Dziewczyny siadły i tak powstała grupa „Przedsiębiorcze radzynianki”. - Zadzwoniła do mnie Grażynka Mirska, sołtys Brzostówca, i powiedziała, że ma taki pomysł. Udostępniłam informacje w poście na internecie, no i się zaczęło – mówi Marta Niewęgłowska, która od początku zaangażowana jest w organizację całego przedsięwzięcia.

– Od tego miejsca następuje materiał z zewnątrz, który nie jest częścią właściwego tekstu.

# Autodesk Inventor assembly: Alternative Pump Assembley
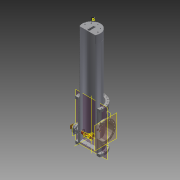
[picture p0: Inventor's stored thumbnail of the model, 180x180]
Saved by Autodesk Inventor 2015 (Build 190159000, 159)
## iProperties
Created: 2014-05-21
Part Number: Alternative Pump Assembley
Document SubType Name: Assembly
Designer: jad211
Author: jad211
## Documents named in this file (5)
- C:\CADFiles\EDM Machine\EDM New Pumping Region\Alternative Pump Assembley.iam
- C:\CADFiles\EDM Machine\EDM Beamline\Chamber parts\hudson chamber actual size.ipt
- C:\CADFiles\EDM Machine\EDM Inner Shield\Inner Shield.iam
- C:\CADFiles\EDM Machine\EDM New Pumping Region\table.ipt
- C:\CADFiles\EDM Machine\EDM New Pumping Region\microwave rf pump region.iam
## Components (4 placed, 4 different names)
1. hudson chamber actual size:1 — Mate:1, Mate:2, Mate:3
2. Inner Shield:1 [sub-assembly] — Mate:3, Mate:4, Flush:1, Mate:9, Mate:10
3. table:1 — Flush:1, Mate:9, Mate:10
4. microwave rf pump region:1 [sub-assembly] — Mate:11, Mate:12, Mate:13
## Relationships (10: Mate 9, Flush 1)
- Mate:1: hudson chamber actual size:1
- Mate:2: hudson chamber actual size:1
- Mate:3: hudson chamber actual size:1 ↔ Inner Shield:1
- Mate:4: Inner Shield:1
- Flush:1: Inner Shield:1 ↔ table:1
- Mate:9: Inner Shield:1 ↔ table:1
- Mate:10: Inner Shield:1 ↔ table:1
- Mate:11: microwave rf pump region:1
- Mate:12: microwave rf pump region:1
- Mate:13: microwave rf pump region:1
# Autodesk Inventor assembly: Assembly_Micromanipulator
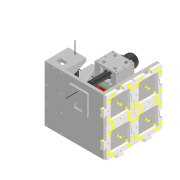
[picture p0: Inventor's stored thumbnail of the model, 180x180]
Saved by Autodesk Inventor 2022 (Build 260153000, 153)
## iProperties
Created: 2022-12-17
Part Number: Assembly_Micromanipulator
Document SubType Name: Assembly
Designer: diederichbenedict
Author: diederichbenedict
## Documents named in this file (4)
- C:\Users\diederichbenedict\Dropbox\Dokumente\Promotion\PROJECTS\openUC2-CAD\INVENTOR\Assembly_Micromanipulator.iam
- C:\Users\diederichbenedict\Dropbox\Dokumente\Promotion\PROJECTS\openUC2-CAD\INVENTOR\Assembly_Linear_MGN8_Noncaptive.iam
- C:\Users\diederichbenedict\Dropbox\Dokumente\Promotion\PROJECTS\openUC2-CAD\INVENTOR\30_Linear_Captive_Nema8_Stand.ipt
- C:\Users\diederichbenedict\Dropbox\Dokumente\Promotion\PROJECTS\openUC2-CAD\INVENTOR\10_Base_puzzle_v3.ipt
## Components (8 placed, 3 different names)
1. Assembly_Linear_MGN8_Noncaptive:1 [sub-assembly] — Fluchtend:1, Passend:3, Fluchtend:3, Fluchtend:5, Fluchtend:6
2. Assembly_Linear_MGN8_Noncaptive:2 [sub-assembly] — Fluchtend:1, Passend:2, Fluchtend:2, Passend:3, Fluchtend:3, Fluchtend:4
3. Assembly_Linear_MGN8_Noncaptive:3 [sub-assembly] — Passend:2, Fluchtend:2, Fluchtend:4
4. 30_Linear_Captive_Nema8_Stand:1 — Fluchtend:5, Fluchtend:6, Passend:4, Fluchtend:7, Fluchtend:8
5. 10_Base_puzzle_v3:1
6. 10_Base_puzzle_v3:2
7. 10_Base_puzzle_v3:3 — Passend:4, Fluchtend:7
8. 10_Base_puzzle_v3:4 — Fluchtend:8
## Component patterns: (4 elements, first: 10_Base_puzzle_v3:1)
## Relationships (11: Flush 8, Mate 3)
- Fluchtend:1 [Flush]: Assembly_Linear_MGN8_Noncaptive:1 ↔ Assembly_Linear_MGN8_Noncaptive:2
- Passend:2 [Mate]: Assembly_Linear_MGN8_Noncaptive:2 ↔ Assembly_Linear_MGN8_Noncaptive:3
- Fluchtend:2 [Flush]: Assembly_Linear_MGN8_Noncaptive:2 ↔ Assembly_Linear_MGN8_Noncaptive:3
- Passend:3 [Mate]: Assembly_Linear_MGN8_Noncaptive:1 ↔ Assembly_Linear_MGN8_Noncaptive:2
- Fluchtend:3 [Flush]: Assembly_Linear_MGN8_Noncaptive:1 ↔ Assembly_Linear_MGN8_Noncaptive:2
- Fluchtend:4 [Flush]: Assembly_Linear_MGN8_Noncaptive:2 ↔ Assembly_Linear_MGN8_Noncaptive:3
- Fluchtend:5 [Flush]: Assembly_Linear_MGN8_Noncaptive:1 ↔ 30_Linear_Captive_Nema8_Stand:1
- Fluchtend:6 [Flush]: Assembly_Linear_MGN8_Noncaptive:1 ↔ 30_Linear_Captive_Nema8_Stand:1
- Passend:4 [Mate]: 30_Linear_Captive_Nema8_Stand:1 ↔ 10_Base_puzzle_v3:3
- Fluchtend:7 [Flush]: 30_Linear_Captive_Nema8_Stand:1 ↔ 10_Base_puzzle_v3:3
- Fluchtend:8 [Flush]: 30_Linear_Captive_Nema8_Stand:1 ↔ 10_Base_puzzle_v3:4
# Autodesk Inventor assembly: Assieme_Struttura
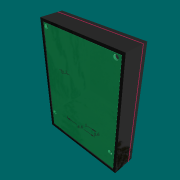
[picture p0: Inventor's stored thumbnail of the model, 180x180]
Saved by Autodesk Inventor 2020 (Build 240168000, 168)
## iProperties
Created: 2025-02-23
Part Number: Assieme_Struttura
Document SubType Name: Assembly
Designer: Nicola Milia
Author: Nicola Milia
## Documents named in this file (4)
- C:\Users\milit\Desktop\Progetti\Project THOR\Coperchio Dx V3\Assieme_Struttura.iam
- C:\Users\milit\Desktop\Progetti\Project THOR\Coperchio Dx V3\PCB.ipt
- C:\Users\milit\Desktop\Progetti\Project THOR\Coperchio Dx V3\struttura.ipt
- C:\Users\milit\Desktop\Progetti\Project THOR\Coperchio Dx V3\tappo_superiore.ipt
## Components (3 placed, 3 different names)
1. PCB:1 — Allineato:1, Allineato:2
2. struttura:1 — Allineato:1, Allineato:2, Allineato:3, Allineato:4, Allineato:5, Allineato:6
3. tappo_superiore:1 — Allineato:3, Allineato:4, Allineato:5, Allineato:6
## Relationships (6: Flush 6)
- Allineato:1 [Flush]: PCB:1 ↔ struttura:1
- Allineato:2 [Flush]: PCB:1 ↔ struttura:1
- Allineato:3 [Flush]: struttura:1 ↔ tappo_superiore:1
- Allineato:4 [Flush]: struttura:1 ↔ tappo_superiore:1
- Allineato:5 [Flush]: struttura:1 ↔ tappo_superiore:1
- Allineato:6 [Flush]: struttura:1 ↔ tappo_superiore:1

Odzew był szybki i przerósł oczekiwania pomysłodawczyń. Z dnia na dzień przybywało chętnych do szycia, ale i tych, którzy o maseczki się starają.
Małgorzata Mikitiuk, właścicielka salonu kosmetycznego „Studio Uroda” udostępniła swój lokal na punkt, do którego dostarczane są gotowe maseczki i tu trafiają materiały, z których nasze panie je szyją – mówi Marta. Całymi dniami odbiera telefony i koresponduje z tymi, którzy zgłaszają zapotrzebowanie.
- Nasze maski trafiły m.in. do seniorów z miasta i gminy, pracowników socjalnych i sióstr środowiskowych, Niepublicznego Zakładu Opiekuńczo – Leczniczego w Ustrzeszy , oddziału ortopedii i oddziału neurologii radzyńskiego szpitala, przychodni lekarskich, sklepów, Stacji Dializ w Radzyniu Podlaskim – wylicza Marta. - Nawiązałyśmy także współpracę z Kołem Gospodyń Wiejskich „Dziarskie Babki” ze Stoku. Przekazały już ok. 60 masek Stacji Pogotowia Ratunkowego w Radzyniu Podlaskim.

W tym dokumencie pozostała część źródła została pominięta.